Pada 15 April 1912 tepatnya pukul 02.20, kapal laut Inggris Titanic mulai tenggelam di Samudra Atlantik Utara sekitar 400 mil selatan Newfoundland, Kanada. Kapal besar nan mewah itu mengangkut 2.200 penumpang dan awak kapal. Dua setengah jam sebelumnya, kapal menabrak gunung es. Dilansir History, pada 10 April kapal termewah dalam sejarah pembuatannya itu berangkat dari Southampton, Inggris pada perjalanan perdananya melintasi Samudra Atlantik.
Data yang akan kita explore merupakan data penumpang titanic yang diambil dari kaggle. Nantinya kita akan memprediksi penumpang yang selamat atau tidak selamat dengan menggunakan logistic regrresion untuk mengklasifikasikan hal tersebut.
library(dplyr)
library(caret)
library(GGally)
library(MLmetrics)
library(rsample)
library(lmtest)
library(car)
Pertama yang akan kita lakukan adalah memanggil data yang telah kita siapkan.

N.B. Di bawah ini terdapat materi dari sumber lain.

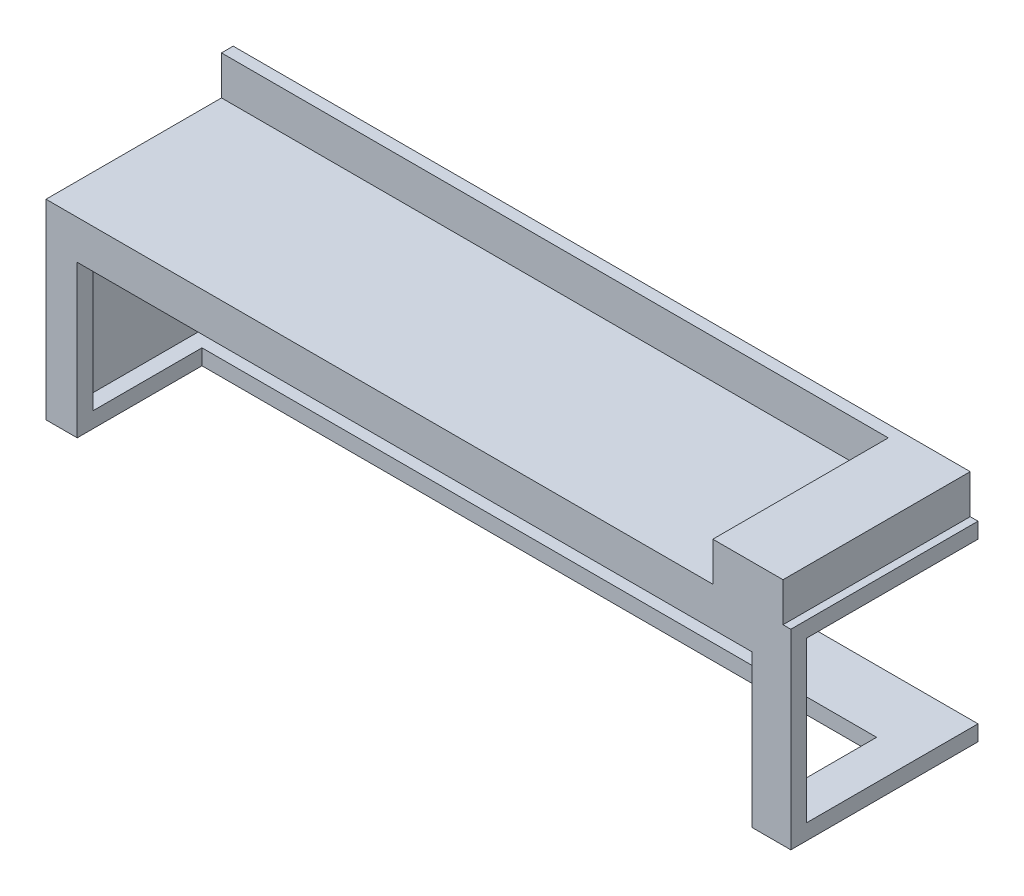
from build123d import *

# Parameters (mm, degrees)
EXTRUDE_1_DEPTH          = 8
EXTRUDE_3_DEPTH          = 14
CUT_EXTRUDE_1_DEPTH      = 55.485089704
CUT_EXTRUDE_1_DEPTH_BACK = 55.485089704
SKETCH_4_W               = 2
SKETCH_4_H               = 24.5
SKETCH_7_W               = 2
SKETCH_7_H               = 2
SKETCH_7_W_2             = 5
EXTRUDE_6_DEPTH          = 14
EXTRUDE_4_DEPTH          = 2
SKETCH_8_W               = 85.5
SKETCH_8_H               = 1.5
EXTRUDE_7_DEPTH          = 5


with BuildPart() as part:
    # Эскиз1 → Бобышка-Вытянуть1 (new body)
    with BuildSketch(Plane.XY):
        Polygon((47.75, 12.25), (44.75, 12.25), (44.75, 17.25), (35.75, 17.25), (35.75, 12.25), (-49.75, 12.25), (-49.75, -12.25), (47.75, -12.25), (47.75, -10.25), (-47.75, -10.25), (-47.75, 10.25), (38.75, 10.25), (38.75, 15.25), (41.75, 15.25), (41.75, 12.25), (41.75, 10.25), (47.75, 10.25), align=None)
    extrude(amount=EXTRUDE_1_DEPTH)

    # Эскиз2 → Бобышка-Вытянуть3 (add)
    with BuildSketch(Plane.XY.offset(8)):
        Polygon((44.75, 10.25), (47.75, 10.25), (47.75, 12.25), (44.75, 12.25), (44.75, 15.25), (44.75, 17.25), (41.75, 17.25), (35.75, 17.25), (35.75, 15.25), (35.75, 12.25), (-47.75, 12.25), (-49.75, 12.25), (-49.75, 10.25), (-49.75, -10.25), (-49.75, -12.25), (-47.75, -12.25), (-47.75, -10.25), (-47.75, 10.25), (35.75, 10.25), (38.75, 10.25), (38.75, 12.25), (38.75, 15.25), (41.75, 15.25), (41.75, 10.25), align=None)
    extrude(amount=EXTRUDE_3_DEPTH)

    # Эскиз4 → Вырез-Вытянуть1 (cut, two sides: drawn at the far end of the back side and taken through both)
    with BuildSketch(Plane.XY.offset(8).offset(-CUT_EXTRUDE_1_DEPTH_BACK)):
        with Locations((46.75, 0)):
            Rectangle(SKETCH_4_W, SKETCH_4_H)
    extrude(amount=CUT_EXTRUDE_1_DEPTH + CUT_EXTRUDE_1_DEPTH_BACK, mode=Mode.SUBTRACT)

    # Эскиз7 → Бобышка-Вытянуть6 (add)
    with BuildSketch(Plane.XY.offset(8)):
        with Locations((-46.75, -11.25)):
            Rectangle(SKETCH_7_W, SKETCH_7_H)
        with Locations((43.25, -11.25)):
            Rectangle(SKETCH_7_W_2, SKETCH_7_H)
    extrude(amount=EXTRUDE_6_DEPTH)

    # Эскиз5 → Бобышка-Вытянуть4 (add)
    with BuildSketch(Plane.XY.offset(22)):
        Polygon((45.75, -12.25), (40.75, -12.25), (40.75, 7.25), (-45.75, 7.25), (-45.75, -12.25), (-49.75, -12.25), (-49.75, 12.25), (35.75, 12.25), (35.75, 17.25), (44.75, 17.25), (44.75, 12.25), (45.75, 12.25), align=None)
    extrude(amount=EXTRUDE_4_DEPTH)

    # Эскиз8 → Бобышка-Вытянуть7 (add)
    with BuildSketch(Plane(origin=(0, 12.25, 0), x_dir=(1, 0, 0), z_dir=(0, 1, 0))):
        with Locations((-7, -0.75)):
            Rectangle(SKETCH_8_W, SKETCH_8_H)
    extrude(amount=EXTRUDE_7_DEPTH)


solid = part.part

titanic <- read.csv("train.csv")
Lalu dengan menggunakan fungsi glimpse kita dapat melihat gambaran data yang telah kita ambil
glimpse(titanic)
## Rows: 891
## Columns: 12
## $ PassengerId <int> 1, 2, 3, 4, 5, 6, 7, 8, 9, 10, 11, 12, 13, 14, 15, 16, 17,…
## $ Survived <int> 0, 1, 1, 1, 0, 0, 0, 0, 1, 1, 1, 1, 0, 0, 0, 1, 0, 1, 0, 1…
## $ Pclass <int> 3, 1, 3, 1, 3, 3, 1, 3, 3, 2, 3, 1, 3, 3, 3, 2, 3, 2, 3, 3…
## $ Name <chr> "Braund, Mr. Owen Harris", "Cumings, Mrs. John Bradley (Fl…
## $ Sex <chr> "male", "female", "female", "female", "male", "male", "mal…
## $ Age <dbl> 22, 38, 26, 35, 35, NA, 54, 2, 27, 14, 4, 58, 20, 39, 14, …
## $ SibSp <int> 1, 1, 0, 1, 0, 0, 0, 3, 0, 1, 1, 0, 0, 1, 0, 0, 4, 0, 1, 0…
## $ Parch <int> 0, 0, 0, 0, 0, 0, 0, 1, 2, 0, 1, 0, 0, 5, 0, 0, 1, 0, 0, 0…
## $ Ticket <chr> "A/5 21171", "PC 17599", "STON/O2. 3101282", "113803", "37…
## $ Fare <dbl> 7.2500, 71.2833, 7.9250, 53.1000, 8.0500, 8.4583, 51.8625,…
## $ Cabin <chr> "", "C85", "", "C123", "", "", "E46", "", "", "", "G6", "C…
## $ Embarked <chr> "S", "C", "S", "S", "S", "Q", "S", "S", "S", "C", "S", "S"…
Data titanic terdiri dari 891 baris dan 12 kolom. Kolomnya adalah sebagai berikut :
Kemudian kita dapat mengecek apakah ada nilai NA di setiap kolom data titanic.
anyNA(titanic)
## [1] TRUE
colSums(is.na(titanic))
## PassengerId Survived Pclass Name Sex Age
## 0 0 0 0 0 177
## SibSp Parch Ticket Fare Cabin Embarked
## 0 0 0 0 0 0
Dari kedua fungsi diatas, kita dapat mengetahui bahwa ada nilai NA sebanyak 177 pada kolom age, yang nantikan akan kita handle pada proses berikutnya.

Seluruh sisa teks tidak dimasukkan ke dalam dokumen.